**Exercise instructions:** Set down exactly the lines of the records from the top to the line containing "#34=CARTESIAN_POINT('',(-18.6436,23.8125,-25.4));"; include both.

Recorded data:
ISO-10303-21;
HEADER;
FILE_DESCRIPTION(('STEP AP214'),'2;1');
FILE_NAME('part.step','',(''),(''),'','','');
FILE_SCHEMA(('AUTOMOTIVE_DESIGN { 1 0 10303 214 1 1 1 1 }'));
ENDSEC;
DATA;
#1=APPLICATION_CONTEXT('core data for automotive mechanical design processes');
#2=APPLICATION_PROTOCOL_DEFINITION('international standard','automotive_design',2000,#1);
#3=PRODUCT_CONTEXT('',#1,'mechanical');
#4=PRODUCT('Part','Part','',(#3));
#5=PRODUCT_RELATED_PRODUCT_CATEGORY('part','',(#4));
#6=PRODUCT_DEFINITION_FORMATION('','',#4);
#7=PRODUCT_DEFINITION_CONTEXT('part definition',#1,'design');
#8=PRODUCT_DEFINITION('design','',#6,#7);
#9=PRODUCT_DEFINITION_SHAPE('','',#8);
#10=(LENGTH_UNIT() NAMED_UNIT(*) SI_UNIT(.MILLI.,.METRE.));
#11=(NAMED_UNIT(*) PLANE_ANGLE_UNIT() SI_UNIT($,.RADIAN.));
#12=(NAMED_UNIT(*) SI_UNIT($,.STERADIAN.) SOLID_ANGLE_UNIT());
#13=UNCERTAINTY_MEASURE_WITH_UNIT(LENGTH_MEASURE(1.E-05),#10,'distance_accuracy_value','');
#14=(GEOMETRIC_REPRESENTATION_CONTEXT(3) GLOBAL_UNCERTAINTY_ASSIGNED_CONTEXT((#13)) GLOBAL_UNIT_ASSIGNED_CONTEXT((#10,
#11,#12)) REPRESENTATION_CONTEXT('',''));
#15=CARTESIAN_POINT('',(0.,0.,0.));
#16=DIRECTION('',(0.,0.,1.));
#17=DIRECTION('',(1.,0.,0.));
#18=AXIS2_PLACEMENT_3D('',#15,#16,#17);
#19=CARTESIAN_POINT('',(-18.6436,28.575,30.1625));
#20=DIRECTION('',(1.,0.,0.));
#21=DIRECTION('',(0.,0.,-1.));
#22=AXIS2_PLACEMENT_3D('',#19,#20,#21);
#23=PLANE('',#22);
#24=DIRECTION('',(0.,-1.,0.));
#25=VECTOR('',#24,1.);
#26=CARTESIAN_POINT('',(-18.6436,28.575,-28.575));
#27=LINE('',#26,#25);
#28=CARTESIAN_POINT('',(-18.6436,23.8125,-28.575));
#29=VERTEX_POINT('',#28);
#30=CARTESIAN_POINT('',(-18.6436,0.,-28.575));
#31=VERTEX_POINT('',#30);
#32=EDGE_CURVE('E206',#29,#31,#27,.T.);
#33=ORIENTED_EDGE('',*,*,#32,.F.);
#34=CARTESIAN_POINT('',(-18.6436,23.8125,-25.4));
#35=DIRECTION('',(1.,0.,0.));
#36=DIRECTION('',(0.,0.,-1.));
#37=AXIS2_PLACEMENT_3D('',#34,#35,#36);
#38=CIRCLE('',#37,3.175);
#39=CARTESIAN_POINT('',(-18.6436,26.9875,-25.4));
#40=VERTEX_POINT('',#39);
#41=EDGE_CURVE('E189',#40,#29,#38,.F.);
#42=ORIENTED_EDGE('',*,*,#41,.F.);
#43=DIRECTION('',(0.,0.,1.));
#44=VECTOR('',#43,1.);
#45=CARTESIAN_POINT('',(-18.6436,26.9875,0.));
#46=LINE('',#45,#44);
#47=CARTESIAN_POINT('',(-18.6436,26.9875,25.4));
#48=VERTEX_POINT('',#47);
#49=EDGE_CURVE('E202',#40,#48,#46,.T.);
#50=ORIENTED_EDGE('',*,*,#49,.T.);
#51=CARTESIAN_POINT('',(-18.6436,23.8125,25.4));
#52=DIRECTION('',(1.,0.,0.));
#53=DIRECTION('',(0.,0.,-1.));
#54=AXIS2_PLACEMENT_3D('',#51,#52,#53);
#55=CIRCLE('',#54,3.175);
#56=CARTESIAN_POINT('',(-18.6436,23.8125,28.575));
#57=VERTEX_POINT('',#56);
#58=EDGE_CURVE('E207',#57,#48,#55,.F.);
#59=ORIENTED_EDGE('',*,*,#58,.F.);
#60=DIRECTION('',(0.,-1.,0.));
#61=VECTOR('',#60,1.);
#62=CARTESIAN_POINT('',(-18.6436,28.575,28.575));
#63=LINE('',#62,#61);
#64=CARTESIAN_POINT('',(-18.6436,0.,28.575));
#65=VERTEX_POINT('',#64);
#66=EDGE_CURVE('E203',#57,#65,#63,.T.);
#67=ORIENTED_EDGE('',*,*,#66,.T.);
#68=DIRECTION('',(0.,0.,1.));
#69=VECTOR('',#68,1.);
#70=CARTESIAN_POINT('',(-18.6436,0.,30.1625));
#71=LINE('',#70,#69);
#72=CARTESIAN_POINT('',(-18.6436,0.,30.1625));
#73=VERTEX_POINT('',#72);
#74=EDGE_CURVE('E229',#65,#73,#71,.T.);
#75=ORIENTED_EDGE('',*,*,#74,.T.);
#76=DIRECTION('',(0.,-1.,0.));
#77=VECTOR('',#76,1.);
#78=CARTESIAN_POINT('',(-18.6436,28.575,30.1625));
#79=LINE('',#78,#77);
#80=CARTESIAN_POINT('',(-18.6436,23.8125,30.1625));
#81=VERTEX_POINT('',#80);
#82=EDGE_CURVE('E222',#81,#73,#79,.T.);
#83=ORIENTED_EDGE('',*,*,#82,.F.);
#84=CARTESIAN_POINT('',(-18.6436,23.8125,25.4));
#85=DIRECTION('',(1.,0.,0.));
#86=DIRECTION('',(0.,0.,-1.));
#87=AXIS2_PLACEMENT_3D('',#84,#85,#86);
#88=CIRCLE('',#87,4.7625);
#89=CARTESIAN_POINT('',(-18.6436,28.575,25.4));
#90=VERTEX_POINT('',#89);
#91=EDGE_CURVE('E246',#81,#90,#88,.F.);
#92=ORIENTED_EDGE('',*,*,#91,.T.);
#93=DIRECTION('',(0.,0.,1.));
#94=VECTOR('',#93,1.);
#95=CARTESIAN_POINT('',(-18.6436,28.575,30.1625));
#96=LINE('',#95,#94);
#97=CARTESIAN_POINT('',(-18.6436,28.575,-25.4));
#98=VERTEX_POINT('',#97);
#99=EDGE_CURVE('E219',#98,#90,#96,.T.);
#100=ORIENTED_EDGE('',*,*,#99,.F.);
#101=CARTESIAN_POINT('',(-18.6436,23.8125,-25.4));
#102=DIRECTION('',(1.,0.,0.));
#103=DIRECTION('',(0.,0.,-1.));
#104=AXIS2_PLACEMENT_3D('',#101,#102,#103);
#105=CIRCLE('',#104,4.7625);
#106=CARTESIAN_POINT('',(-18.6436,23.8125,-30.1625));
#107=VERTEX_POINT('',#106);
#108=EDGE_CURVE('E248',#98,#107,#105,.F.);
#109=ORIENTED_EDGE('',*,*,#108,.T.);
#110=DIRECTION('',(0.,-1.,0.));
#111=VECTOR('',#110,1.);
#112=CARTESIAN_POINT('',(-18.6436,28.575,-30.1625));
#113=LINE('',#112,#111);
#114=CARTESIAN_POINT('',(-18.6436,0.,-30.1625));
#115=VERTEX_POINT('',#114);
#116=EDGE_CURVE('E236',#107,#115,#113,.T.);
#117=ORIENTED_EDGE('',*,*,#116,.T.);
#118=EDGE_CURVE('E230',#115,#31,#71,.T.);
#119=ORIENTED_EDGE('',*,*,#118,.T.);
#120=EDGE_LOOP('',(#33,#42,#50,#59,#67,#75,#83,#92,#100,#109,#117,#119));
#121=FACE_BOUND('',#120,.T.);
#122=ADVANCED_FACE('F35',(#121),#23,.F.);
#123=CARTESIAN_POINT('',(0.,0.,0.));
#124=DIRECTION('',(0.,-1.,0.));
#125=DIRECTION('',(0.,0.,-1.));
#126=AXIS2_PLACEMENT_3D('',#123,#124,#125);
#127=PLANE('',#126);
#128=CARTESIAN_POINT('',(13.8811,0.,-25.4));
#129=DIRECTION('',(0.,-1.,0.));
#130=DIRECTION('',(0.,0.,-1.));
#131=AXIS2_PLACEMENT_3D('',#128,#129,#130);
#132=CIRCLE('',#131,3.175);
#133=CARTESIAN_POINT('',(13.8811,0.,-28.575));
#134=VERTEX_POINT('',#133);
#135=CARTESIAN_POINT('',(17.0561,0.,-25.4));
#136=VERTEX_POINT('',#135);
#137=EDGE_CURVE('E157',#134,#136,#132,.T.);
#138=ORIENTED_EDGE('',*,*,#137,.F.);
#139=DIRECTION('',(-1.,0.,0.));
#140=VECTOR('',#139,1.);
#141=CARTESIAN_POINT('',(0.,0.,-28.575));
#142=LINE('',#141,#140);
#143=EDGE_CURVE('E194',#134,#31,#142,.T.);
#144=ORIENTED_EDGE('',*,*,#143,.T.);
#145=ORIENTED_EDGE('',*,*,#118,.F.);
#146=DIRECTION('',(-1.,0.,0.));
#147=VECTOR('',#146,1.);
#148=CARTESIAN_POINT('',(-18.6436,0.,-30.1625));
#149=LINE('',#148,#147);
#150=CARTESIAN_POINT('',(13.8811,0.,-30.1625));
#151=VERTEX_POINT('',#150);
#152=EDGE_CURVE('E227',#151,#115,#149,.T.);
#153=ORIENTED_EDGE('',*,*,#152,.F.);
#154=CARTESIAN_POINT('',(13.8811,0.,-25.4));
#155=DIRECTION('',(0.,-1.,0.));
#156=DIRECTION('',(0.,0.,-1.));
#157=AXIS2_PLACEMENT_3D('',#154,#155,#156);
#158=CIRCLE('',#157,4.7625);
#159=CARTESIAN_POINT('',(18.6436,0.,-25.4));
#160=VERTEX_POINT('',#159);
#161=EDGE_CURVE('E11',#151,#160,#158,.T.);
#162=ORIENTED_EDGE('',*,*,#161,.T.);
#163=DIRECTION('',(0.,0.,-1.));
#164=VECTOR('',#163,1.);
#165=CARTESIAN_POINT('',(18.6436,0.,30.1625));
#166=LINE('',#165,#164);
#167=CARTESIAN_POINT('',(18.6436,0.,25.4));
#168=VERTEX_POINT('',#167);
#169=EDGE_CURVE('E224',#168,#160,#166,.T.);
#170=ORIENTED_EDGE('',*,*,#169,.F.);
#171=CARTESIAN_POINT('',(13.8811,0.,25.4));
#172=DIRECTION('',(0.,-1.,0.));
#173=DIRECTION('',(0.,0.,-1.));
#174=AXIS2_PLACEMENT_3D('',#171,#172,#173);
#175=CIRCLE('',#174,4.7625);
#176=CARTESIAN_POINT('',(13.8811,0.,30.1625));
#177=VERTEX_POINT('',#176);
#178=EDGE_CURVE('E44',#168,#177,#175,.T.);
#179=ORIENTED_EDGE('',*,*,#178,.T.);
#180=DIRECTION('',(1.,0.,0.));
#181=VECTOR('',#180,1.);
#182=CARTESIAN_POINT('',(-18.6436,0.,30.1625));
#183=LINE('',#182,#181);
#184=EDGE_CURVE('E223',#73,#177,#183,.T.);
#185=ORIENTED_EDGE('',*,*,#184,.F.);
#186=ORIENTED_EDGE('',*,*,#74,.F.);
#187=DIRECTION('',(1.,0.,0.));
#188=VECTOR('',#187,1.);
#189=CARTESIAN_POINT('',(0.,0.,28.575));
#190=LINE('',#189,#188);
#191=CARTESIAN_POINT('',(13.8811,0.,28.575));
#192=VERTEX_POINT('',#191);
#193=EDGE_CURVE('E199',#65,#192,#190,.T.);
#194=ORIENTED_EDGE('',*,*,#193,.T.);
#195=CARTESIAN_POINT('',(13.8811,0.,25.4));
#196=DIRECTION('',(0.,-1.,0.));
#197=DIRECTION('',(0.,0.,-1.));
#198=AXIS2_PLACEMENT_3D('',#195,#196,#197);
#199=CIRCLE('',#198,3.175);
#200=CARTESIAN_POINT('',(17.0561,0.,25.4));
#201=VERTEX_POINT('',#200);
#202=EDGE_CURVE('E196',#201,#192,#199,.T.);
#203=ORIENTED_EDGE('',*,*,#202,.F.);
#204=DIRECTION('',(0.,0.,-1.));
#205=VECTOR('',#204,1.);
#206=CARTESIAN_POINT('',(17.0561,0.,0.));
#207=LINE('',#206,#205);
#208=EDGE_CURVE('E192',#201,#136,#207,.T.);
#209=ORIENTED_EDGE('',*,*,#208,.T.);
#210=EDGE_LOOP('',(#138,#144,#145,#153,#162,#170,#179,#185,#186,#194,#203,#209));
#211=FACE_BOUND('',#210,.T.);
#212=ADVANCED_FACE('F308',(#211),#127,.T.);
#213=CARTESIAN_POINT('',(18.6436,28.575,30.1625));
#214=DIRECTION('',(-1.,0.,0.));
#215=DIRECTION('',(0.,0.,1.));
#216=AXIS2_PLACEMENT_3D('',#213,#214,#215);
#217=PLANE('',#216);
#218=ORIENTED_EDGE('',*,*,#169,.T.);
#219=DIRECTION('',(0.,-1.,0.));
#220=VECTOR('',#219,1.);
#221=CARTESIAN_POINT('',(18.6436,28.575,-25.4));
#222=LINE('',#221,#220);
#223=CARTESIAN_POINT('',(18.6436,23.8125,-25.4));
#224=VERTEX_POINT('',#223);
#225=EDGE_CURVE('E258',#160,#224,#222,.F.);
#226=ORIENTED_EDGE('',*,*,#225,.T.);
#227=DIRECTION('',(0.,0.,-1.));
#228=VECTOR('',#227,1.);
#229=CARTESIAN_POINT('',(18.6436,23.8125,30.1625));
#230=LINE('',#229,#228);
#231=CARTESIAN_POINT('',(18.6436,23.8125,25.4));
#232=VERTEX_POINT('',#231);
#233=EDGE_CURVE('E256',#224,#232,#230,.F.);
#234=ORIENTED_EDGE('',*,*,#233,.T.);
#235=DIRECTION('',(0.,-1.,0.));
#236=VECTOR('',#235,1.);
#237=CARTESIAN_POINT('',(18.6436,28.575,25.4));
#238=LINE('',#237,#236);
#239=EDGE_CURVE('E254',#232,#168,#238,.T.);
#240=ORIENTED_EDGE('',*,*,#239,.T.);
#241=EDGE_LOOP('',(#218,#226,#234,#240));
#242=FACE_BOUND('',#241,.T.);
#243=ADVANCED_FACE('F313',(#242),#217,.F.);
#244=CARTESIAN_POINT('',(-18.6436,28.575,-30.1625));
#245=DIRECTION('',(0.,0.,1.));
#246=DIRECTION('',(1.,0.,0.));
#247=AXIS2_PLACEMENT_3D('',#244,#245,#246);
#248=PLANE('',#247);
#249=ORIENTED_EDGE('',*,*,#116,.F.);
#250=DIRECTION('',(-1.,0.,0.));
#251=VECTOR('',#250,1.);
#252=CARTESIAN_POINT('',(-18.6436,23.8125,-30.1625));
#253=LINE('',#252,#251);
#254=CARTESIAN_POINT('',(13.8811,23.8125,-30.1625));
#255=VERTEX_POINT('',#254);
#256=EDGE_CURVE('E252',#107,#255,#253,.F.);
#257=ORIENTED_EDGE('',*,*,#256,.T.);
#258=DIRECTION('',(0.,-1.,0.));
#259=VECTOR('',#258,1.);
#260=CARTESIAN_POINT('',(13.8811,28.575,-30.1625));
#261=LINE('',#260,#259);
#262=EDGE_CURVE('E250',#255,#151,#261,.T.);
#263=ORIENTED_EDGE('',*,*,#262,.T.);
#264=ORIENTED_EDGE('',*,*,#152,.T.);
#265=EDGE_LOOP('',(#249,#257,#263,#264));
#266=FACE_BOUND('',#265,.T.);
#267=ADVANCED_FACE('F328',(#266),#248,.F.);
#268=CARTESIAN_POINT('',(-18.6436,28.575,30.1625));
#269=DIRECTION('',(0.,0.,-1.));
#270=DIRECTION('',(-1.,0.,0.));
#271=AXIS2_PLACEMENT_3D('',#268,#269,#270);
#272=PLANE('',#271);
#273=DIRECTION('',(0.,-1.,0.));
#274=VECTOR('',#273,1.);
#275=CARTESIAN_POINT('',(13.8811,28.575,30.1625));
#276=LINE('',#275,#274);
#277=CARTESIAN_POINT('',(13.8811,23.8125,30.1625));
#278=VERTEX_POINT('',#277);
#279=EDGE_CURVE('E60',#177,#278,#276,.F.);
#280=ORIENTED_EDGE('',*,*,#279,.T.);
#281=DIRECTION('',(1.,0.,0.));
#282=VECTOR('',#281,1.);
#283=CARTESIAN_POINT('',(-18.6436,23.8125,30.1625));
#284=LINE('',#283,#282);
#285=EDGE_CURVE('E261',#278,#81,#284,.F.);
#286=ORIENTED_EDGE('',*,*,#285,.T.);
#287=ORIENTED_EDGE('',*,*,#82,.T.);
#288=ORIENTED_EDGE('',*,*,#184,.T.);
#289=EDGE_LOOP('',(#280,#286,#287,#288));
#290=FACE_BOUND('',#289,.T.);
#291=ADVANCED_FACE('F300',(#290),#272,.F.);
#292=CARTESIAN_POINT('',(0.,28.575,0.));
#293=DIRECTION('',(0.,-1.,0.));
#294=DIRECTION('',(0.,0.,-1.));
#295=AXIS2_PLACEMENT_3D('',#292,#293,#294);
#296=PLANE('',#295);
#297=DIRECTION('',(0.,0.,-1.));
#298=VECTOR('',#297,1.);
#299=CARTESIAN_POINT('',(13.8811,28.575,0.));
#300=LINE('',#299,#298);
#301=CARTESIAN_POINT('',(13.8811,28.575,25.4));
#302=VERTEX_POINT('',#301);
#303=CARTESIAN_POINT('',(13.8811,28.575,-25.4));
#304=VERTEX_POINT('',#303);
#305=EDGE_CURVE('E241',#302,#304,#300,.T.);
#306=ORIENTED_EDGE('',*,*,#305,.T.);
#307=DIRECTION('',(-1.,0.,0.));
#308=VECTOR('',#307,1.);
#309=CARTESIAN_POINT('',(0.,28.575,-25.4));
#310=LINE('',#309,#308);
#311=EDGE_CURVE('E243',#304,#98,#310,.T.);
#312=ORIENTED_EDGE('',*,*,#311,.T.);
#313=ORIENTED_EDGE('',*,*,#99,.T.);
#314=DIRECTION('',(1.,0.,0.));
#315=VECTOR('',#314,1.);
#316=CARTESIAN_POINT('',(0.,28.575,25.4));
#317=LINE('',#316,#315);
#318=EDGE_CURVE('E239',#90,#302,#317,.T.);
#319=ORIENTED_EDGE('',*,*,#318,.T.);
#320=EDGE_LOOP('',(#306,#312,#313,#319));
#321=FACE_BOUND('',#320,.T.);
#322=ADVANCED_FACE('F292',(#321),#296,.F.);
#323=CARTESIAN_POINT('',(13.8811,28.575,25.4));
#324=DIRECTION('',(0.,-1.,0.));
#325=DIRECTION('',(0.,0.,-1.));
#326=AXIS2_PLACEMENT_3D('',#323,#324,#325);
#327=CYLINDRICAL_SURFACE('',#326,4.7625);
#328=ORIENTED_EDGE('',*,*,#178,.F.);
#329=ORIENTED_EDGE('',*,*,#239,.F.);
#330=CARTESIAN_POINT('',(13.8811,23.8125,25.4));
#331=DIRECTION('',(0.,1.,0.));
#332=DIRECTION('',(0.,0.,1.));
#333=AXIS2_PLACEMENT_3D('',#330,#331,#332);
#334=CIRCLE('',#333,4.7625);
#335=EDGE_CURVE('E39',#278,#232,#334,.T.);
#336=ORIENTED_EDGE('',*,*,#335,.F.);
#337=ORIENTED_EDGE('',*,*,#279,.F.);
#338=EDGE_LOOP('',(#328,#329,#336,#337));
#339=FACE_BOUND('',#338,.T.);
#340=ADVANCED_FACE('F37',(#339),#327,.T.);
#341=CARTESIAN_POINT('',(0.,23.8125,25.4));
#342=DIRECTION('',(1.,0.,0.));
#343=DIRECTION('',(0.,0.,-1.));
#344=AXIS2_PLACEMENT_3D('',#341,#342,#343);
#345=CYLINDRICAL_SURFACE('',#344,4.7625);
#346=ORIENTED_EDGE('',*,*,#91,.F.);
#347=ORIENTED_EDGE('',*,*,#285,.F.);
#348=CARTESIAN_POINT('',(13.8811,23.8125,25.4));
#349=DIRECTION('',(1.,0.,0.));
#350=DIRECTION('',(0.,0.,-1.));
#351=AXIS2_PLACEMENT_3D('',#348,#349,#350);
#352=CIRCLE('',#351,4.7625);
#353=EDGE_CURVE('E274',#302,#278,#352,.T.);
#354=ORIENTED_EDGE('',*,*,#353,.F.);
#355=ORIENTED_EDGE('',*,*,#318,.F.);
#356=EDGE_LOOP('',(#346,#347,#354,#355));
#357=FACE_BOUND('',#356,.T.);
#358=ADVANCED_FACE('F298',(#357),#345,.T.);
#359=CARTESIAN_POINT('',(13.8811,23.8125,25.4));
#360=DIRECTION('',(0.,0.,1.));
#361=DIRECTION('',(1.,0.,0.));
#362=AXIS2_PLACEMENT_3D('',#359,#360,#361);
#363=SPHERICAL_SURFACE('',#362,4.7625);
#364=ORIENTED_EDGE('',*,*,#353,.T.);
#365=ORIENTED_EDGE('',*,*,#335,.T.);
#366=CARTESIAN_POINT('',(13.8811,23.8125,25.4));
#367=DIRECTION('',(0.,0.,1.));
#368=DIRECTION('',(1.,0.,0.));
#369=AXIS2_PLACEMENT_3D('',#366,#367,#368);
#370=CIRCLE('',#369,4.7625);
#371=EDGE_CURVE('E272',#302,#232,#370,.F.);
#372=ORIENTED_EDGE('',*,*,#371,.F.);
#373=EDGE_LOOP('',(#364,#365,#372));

**Written solution:**
ISO-10303-21;
HEADER;
FILE_DESCRIPTION(('STEP AP214'),'2;1');
FILE_NAME('part.step','',(''),(''),'','','');
FILE_SCHEMA(('AUTOMOTIVE_DESIGN { 1 0 10303 214 1 1 1 1 }'));
ENDSEC;
DATA;
#1=APPLICATION_CONTEXT('core data for automotive mechanical design processes');
#2=APPLICATION_PROTOCOL_DEFINITION('international standard','automotive_design',2000,#1);
#3=PRODUCT_CONTEXT('',#1,'mechanical');
#4=PRODUCT('Part','Part','',(#3));
#5=PRODUCT_RELATED_PRODUCT_CATEGORY('part','',(#4));
#6=PRODUCT_DEFINITION_FORMATION('','',#4);
#7=PRODUCT_DEFINITION_CONTEXT('part definition',#1,'design');
#8=PRODUCT_DEFINITION('design','',#6,#7);
#9=PRODUCT_DEFINITION_SHAPE('','',#8);
#10=(LENGTH_UNIT() NAMED_UNIT(*) SI_UNIT(.MILLI.,.METRE.));
#11=(NAMED_UNIT(*) PLANE_ANGLE_UNIT() SI_UNIT($,.RADIAN.));
#12=(NAMED_UNIT(*) SI_UNIT($,.STERADIAN.) SOLID_ANGLE_UNIT());
#13=UNCERTAINTY_MEASURE_WITH_UNIT(LENGTH_MEASURE(1.E-05),#10,'distance_accuracy_value','');
#14=(GEOMETRIC_REPRESENTATION_CONTEXT(3) GLOBAL_UNCERTAINTY_ASSIGNED_CONTEXT((#13)) GLOBAL_UNIT_ASSIGNED_CONTEXT((#10,
#11,#12)) REPRESENTATION_CONTEXT('',''));
#15=CARTESIAN_POINT('',(0.,0.,0.));
#16=DIRECTION('',(0.,0.,1.));
#17=DIRECTION('',(1.,0.,0.));
#18=AXIS2_PLACEMENT_3D('',#15,#16,#17);
#19=CARTESIAN_POINT('',(-18.6436,28.575,30.1625));
#20=DIRECTION('',(1.,0.,0.));
#21=DIRECTION('',(0.,0.,-1.));
#22=AXIS2_PLACEMENT_3D('',#19,#20,#21);
#23=PLANE('',#22);
#24=DIRECTION('',(0.,-1.,0.));
#25=VECTOR('',#24,1.);
#26=CARTESIAN_POINT('',(-18.6436,28.575,-28.575));
#27=LINE('',#26,#25);
#28=CARTESIAN_POINT('',(-18.6436,23.8125,-28.575));
#29=VERTEX_POINT('',#28);
#30=CARTESIAN_POINT('',(-18.6436,0.,-28.575));
#31=VERTEX_POINT('',#30);
#32=EDGE_CURVE('E206',#29,#31,#27,.T.);
#33=ORIENTED_EDGE('',*,*,#32,.F.);
#34=CARTESIAN_POINT('',(-18.6436,23.8125,-25.4));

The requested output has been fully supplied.